Dataset entries
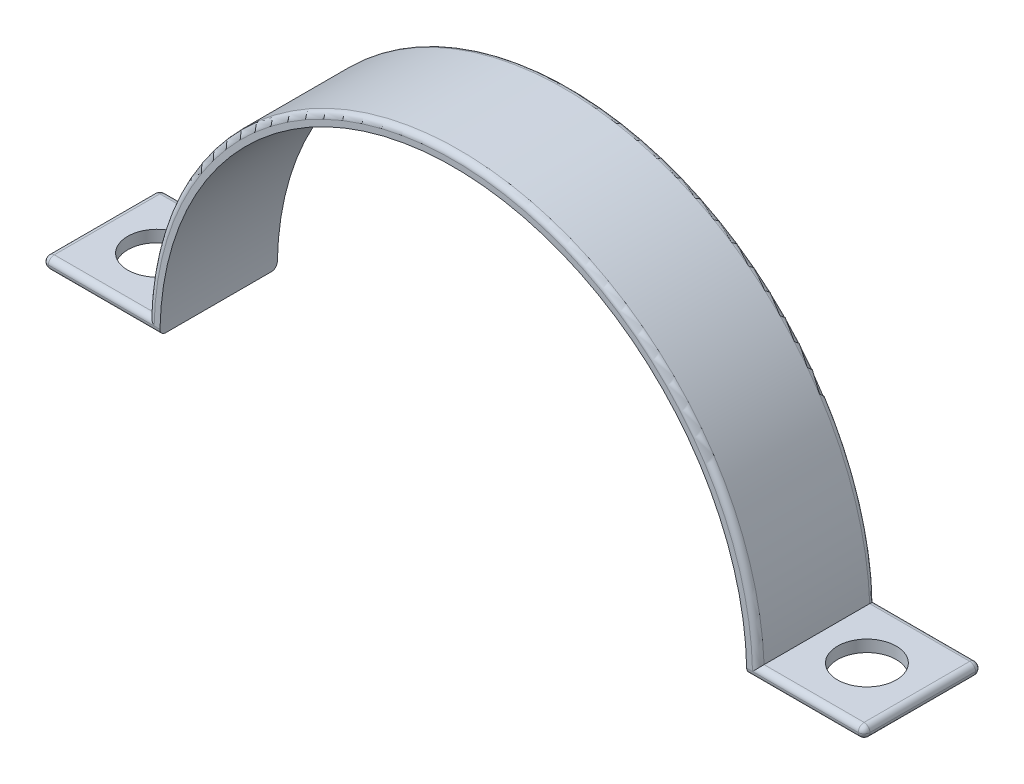
SolidWorks part; units mm, degrees
ref_plane "Front Plane" through (0, 0, 0) normal (0, 0, 1) x (1, 0, 0)
ref_plane "Top Plane" through (0, 0, 0) normal (0, 1, 0) x (1, 0, 0)
ref_plane "Right Plane" through (0, 0, 0) normal (1, 0, 0) x (0, 0, -1)
sketch "Sketch1" plane through (0, 0, 0) normal (0, 0, 1) x (1, 0, 0)
  line L0 (-50, 0) -> (-70, 0)
  line L1 (-70, 0) -> (-70, 2)
  line L2 (-70, 2) -> (-51.96, 2)
  line L4 (50, 0) -> (70, 0)
  line L5 (70, 0) -> (70, 2)
  line L6 (51.96, 2) -> (70, 2)
  arc A0 (50, 0) -> (-50, 0) centre (0, 0) ccw
  arc A1 (51.96, 2) -> (-51.96, 2) centre (0, 0) ccw
  dimension "D1" = 100
  dimension "D2" = 20
  dimension "D3" = 2
  dimension "D5" = 20
  dimension "D6" = 2
extrude "Boss-Extrude1" add sketch "Sketch1" along normal blind 20
fillet "Fillet4" radius 1 1 edges at (-70, 1, 20)
fillet "Fillet5" radius 1 1 edges at (-70, 1, 0)
fillet "Fillet7" radius 1 10 edges at (-59.5, 0, 20) (-69.7071, 0, 19.7071) (-59.5, 0, 0) (-69.7071, 0, 0.2929) (-60.48, 2, 20) (-69.7071, 2, 19.7071) (-60.48, 2, 0) (-69.7071, 2, 0.2929) (-70, 0, 10) (-70, 2, 10)
fillet "Fillet10" radius 1 2 edges at (70, 1, 20) (70, 1, 0)
fillet "Fillet11" radius 1 10 edges at (59.5, 0, 20) (69.7071, 0, 19.7071) (59.5, 0, 0) (69.7071, 0, 0.2929) (60.48, 2, 20) (69.7071, 2, 19.7071) (60.48, 2, 0) (69.7071, 2, 0.2929) (70, 0, 10) (70, 2, 10)
fillet "Fillet12" radius 1 2 edges at (0, 51.9985, 0) (0, 51.9985, 20)
sketch "Sketch2" plane through (0, 2, 0) normal (0, 1, 0) x (1, 0, 0)
  circle A0 centre (-60.48, -10) radius 5
  circle A1 centre (60.48, -10) radius 5
  dimension "D1" = 10
  dimension "D2" = 10
extrude "Cut-Extrude1" cut sketch "Sketch2" against normal through all

§ Activity: Verbatim reproduction is required for the line holding "0, 0) normal (0, 1, 0)" and for every line after it in the records, with no other line included.

§ Answer to this exercise:
ref_plane "Top Plane" through (0, 0, 0) normal (0, 1, 0) x (1, 0, 0)
ref_plane "Right Plane" through (0, 0, 0) normal (1, 0, 0) x (0, 0, -1)
sketch "Sketch1" plane through (0, 0, 0) normal (0, 0, 1) x (1, 0, 0)
  line L0 (-50, 0) -> (-70, 0)
  line L1 (-70, 0) -> (-70, 2)
  line L2 (-70, 2) -> (-51.96, 2)
  line L4 (50, 0) -> (70, 0)
  line L5 (70, 0) -> (70, 2)
  line L6 (51.96, 2) -> (70, 2)
  arc A0 (50, 0) -> (-50, 0) centre (0, 0) ccw
  arc A1 (51.96, 2) -> (-51.96, 2) centre (0, 0) ccw
  dimension "D1" = 100
  dimension "D2" = 20
  dimension "D3" = 2
  dimension "D5" = 20
  dimension "D6" = 2
extrude "Boss-Extrude1" add sketch "Sketch1" along normal blind 20
fillet "Fillet4" radius 1 1 edges at (-70, 1, 20)
fillet "Fillet5" radius 1 1 edges at (-70, 1, 0)
fillet "Fillet7" radius 1 10 edges at (-59.5, 0, 20) (-69.7071, 0, 19.7071) (-59.5, 0, 0) (-69.7071, 0, 0.2929) (-60.48, 2, 20) (-69.7071, 2, 19.7071) (-60.48, 2, 0) (-69.7071, 2, 0.2929) (-70, 0, 10) (-70, 2, 10)
fillet "Fillet10" radius 1 2 edges at (70, 1, 20) (70, 1, 0)
fillet "Fillet11" radius 1 10 edges at (59.5, 0, 20) (69.7071, 0, 19.7071) (59.5, 0, 0) (69.7071, 0, 0.2929) (60.48, 2, 20) (69.7071, 2, 19.7071) (60.48, 2, 0) (69.7071, 2, 0.2929) (70, 0, 10) (70, 2, 10)
fillet "Fillet12" radius 1 2 edges at (0, 51.9985, 0) (0, 51.9985, 20)
sketch "Sketch2" plane through (0, 2, 0) normal (0, 1, 0) x (1, 0, 0)
  circle A0 centre (-60.48, -10) radius 5
  circle A1 centre (60.48, -10) radius 5
  dimension "D1" = 10
  dimension "D2" = 10
extrude "Cut-Extrude1" cut sketch "Sketch2" against normal through all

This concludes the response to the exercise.